> _Records to process_:
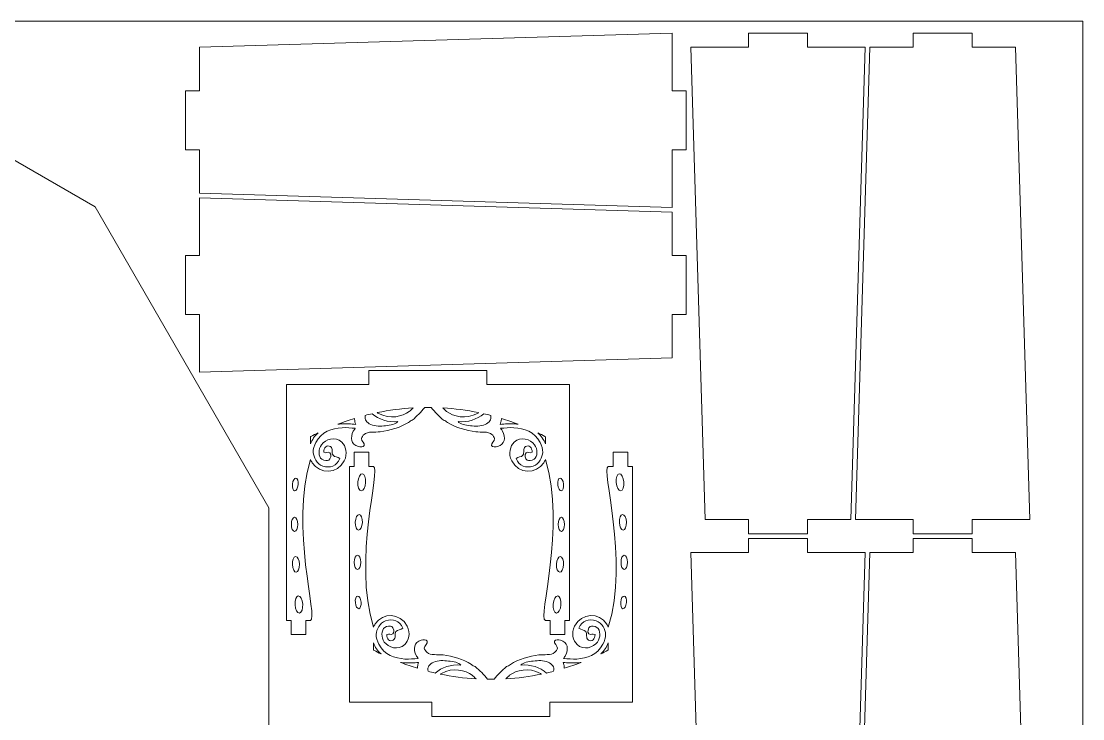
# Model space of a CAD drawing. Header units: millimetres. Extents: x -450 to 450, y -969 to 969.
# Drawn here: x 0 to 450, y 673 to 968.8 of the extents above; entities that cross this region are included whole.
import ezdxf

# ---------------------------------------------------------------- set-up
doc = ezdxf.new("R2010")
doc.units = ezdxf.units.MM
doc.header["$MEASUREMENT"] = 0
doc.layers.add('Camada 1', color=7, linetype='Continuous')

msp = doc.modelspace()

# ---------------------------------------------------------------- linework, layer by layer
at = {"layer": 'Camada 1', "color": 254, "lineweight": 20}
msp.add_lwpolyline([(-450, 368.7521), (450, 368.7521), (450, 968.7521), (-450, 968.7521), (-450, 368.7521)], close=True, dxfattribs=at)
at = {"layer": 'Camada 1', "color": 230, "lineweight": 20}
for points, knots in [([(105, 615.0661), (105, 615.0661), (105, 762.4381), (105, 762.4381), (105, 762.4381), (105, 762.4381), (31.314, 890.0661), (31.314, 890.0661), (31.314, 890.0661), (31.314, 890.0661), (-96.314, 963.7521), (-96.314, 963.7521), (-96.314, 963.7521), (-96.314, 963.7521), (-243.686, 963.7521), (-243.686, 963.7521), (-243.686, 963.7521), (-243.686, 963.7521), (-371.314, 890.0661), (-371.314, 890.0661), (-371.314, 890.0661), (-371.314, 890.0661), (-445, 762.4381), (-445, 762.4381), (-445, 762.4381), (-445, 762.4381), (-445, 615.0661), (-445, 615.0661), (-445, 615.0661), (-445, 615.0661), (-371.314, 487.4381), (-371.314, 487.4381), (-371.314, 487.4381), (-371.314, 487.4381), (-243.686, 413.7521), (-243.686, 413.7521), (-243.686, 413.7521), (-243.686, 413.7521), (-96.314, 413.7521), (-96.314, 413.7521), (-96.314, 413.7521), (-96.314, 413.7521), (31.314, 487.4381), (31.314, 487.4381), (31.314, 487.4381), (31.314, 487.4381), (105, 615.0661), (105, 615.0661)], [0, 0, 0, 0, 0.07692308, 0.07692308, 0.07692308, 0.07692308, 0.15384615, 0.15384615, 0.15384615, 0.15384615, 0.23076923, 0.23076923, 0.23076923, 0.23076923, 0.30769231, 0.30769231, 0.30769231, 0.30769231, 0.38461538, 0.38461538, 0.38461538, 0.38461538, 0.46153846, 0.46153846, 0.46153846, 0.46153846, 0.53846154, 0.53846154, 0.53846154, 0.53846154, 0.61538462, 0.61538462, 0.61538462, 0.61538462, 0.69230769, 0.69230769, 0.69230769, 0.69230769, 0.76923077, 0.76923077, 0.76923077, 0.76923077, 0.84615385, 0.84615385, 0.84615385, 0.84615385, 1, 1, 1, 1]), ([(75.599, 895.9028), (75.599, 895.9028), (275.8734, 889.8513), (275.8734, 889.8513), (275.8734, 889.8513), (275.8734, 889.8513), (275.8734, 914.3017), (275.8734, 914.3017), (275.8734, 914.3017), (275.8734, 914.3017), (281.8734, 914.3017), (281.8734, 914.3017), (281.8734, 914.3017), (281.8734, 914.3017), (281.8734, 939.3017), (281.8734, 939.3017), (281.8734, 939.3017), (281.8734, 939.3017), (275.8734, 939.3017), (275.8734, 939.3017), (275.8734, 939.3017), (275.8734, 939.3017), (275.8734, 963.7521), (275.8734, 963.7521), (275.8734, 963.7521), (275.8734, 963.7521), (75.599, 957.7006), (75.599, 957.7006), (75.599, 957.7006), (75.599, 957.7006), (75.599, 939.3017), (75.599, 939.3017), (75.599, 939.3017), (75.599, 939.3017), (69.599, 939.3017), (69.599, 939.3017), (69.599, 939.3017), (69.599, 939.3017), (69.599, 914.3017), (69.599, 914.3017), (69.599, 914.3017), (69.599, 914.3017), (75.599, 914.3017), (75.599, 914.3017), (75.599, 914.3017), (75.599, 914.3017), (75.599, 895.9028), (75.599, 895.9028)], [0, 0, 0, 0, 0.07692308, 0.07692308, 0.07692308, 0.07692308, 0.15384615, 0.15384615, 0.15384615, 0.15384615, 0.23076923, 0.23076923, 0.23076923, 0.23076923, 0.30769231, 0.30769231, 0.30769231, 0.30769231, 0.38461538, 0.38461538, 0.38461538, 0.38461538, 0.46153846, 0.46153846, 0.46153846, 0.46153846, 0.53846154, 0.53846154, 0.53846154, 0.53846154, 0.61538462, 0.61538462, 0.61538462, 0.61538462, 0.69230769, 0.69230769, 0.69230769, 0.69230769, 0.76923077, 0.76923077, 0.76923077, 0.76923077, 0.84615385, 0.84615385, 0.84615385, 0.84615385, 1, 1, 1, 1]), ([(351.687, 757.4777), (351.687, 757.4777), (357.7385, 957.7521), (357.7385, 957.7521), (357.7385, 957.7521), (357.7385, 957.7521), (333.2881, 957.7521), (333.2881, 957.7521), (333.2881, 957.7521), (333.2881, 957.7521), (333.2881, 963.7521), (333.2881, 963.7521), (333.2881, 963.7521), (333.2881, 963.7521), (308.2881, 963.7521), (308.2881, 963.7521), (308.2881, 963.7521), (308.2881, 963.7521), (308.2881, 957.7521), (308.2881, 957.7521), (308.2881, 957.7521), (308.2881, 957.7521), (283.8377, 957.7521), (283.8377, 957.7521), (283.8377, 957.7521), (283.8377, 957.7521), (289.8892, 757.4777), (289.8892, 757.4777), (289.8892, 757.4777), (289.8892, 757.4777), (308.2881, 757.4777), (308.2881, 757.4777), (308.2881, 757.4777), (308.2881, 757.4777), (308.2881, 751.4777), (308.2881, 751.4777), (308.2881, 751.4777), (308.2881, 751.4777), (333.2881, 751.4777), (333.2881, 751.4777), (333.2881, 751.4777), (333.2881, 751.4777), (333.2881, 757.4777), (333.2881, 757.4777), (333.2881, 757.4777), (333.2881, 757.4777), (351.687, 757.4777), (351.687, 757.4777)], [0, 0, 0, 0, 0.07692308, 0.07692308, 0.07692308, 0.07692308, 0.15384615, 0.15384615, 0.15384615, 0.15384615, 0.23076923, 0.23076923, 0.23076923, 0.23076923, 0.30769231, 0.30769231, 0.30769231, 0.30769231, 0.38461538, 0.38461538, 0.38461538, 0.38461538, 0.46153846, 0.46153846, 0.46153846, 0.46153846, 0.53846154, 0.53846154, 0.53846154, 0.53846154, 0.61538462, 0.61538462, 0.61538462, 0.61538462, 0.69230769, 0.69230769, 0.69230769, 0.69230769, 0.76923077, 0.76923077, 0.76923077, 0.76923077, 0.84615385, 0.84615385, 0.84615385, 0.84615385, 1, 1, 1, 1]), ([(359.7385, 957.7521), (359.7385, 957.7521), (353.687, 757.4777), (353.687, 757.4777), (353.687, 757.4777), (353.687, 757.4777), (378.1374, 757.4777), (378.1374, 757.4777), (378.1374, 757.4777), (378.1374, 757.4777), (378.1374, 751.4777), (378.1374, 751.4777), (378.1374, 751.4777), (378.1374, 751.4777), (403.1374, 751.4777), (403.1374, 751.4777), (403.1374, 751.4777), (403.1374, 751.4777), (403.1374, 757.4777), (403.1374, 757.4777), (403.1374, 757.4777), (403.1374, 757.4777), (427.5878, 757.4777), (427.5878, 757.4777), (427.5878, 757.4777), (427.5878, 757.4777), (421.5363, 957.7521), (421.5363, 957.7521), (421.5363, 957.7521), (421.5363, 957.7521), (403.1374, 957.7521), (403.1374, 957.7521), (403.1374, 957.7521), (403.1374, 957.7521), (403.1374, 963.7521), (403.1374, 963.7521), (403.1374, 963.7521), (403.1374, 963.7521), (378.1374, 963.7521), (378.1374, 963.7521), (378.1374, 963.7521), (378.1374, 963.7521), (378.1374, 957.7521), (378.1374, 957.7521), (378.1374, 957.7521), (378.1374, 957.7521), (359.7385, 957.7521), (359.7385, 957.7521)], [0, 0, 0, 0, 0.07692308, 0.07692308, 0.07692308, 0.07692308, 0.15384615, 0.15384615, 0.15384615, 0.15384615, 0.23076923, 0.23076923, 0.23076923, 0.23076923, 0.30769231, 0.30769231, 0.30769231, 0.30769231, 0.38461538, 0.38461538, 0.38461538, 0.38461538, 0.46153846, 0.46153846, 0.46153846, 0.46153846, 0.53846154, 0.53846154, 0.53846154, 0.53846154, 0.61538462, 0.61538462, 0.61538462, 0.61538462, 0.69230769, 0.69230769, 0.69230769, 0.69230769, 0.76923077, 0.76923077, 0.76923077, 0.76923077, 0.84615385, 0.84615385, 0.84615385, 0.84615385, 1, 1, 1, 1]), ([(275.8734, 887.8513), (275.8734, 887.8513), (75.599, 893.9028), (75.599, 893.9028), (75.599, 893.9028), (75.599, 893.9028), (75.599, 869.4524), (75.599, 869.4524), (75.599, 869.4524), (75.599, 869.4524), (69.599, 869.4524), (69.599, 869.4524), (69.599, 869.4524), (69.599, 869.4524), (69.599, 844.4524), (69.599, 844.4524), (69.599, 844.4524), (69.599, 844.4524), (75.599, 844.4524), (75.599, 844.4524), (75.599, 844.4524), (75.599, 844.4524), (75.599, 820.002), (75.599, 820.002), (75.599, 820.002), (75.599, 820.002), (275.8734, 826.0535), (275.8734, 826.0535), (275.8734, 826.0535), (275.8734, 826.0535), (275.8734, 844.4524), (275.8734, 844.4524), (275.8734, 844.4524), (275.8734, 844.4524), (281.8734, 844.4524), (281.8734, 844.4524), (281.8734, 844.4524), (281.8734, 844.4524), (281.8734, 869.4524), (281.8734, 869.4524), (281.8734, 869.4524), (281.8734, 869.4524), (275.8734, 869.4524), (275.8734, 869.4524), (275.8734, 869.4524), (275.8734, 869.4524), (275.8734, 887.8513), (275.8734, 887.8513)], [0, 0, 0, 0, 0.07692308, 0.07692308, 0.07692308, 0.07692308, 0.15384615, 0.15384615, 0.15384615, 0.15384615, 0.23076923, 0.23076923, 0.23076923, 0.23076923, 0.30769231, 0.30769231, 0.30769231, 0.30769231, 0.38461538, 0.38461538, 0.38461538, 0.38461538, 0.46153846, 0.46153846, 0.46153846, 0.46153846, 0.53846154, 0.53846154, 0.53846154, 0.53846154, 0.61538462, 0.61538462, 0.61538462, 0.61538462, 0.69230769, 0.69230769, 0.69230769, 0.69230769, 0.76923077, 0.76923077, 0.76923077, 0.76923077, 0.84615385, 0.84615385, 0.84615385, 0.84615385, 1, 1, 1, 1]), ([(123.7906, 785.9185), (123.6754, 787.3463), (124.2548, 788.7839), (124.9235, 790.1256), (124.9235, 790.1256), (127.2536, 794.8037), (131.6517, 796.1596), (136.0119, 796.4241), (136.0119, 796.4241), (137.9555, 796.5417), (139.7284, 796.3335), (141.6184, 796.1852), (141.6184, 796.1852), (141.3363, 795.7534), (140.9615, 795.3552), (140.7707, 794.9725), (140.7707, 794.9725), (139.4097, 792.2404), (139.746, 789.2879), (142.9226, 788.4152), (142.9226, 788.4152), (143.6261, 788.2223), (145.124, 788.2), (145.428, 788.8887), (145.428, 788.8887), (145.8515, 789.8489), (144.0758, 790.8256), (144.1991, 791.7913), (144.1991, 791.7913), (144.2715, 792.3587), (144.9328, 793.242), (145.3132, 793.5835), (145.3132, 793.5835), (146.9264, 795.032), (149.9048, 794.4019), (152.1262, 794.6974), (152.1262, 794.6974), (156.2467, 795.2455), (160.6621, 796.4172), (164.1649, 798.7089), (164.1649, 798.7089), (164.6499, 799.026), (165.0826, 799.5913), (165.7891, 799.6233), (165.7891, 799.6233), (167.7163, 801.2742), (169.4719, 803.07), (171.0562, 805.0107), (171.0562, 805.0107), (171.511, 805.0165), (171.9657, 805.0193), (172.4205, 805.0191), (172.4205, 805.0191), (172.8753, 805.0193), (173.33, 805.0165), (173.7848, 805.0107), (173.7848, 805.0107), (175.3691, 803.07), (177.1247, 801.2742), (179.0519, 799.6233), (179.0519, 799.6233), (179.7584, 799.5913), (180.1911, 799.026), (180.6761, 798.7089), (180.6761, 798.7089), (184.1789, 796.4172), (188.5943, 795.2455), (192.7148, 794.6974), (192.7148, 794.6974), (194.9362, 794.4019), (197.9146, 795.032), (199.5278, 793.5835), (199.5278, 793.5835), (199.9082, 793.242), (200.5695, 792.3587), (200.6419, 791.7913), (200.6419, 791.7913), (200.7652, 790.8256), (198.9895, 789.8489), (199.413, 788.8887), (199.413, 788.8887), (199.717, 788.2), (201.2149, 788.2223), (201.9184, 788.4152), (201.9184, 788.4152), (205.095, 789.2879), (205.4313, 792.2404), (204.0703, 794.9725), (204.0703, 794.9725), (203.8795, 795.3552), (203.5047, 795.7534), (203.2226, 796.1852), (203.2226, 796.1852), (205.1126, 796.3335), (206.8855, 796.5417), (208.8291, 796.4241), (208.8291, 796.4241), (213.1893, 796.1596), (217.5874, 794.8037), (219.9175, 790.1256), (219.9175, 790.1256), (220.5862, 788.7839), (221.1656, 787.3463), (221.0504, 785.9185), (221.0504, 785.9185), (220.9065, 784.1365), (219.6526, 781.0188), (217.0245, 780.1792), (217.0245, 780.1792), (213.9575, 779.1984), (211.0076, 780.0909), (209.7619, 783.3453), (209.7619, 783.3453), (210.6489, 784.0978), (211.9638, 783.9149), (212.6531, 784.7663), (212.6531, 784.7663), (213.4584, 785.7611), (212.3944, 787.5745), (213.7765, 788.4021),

> _Problem to solve_: Could you copy every line from the records that mentions the word "ezdxf"?

> _Task result_:
import ezdxf
doc = ezdxf.new("R2010")
doc.units = ezdxf.units.MM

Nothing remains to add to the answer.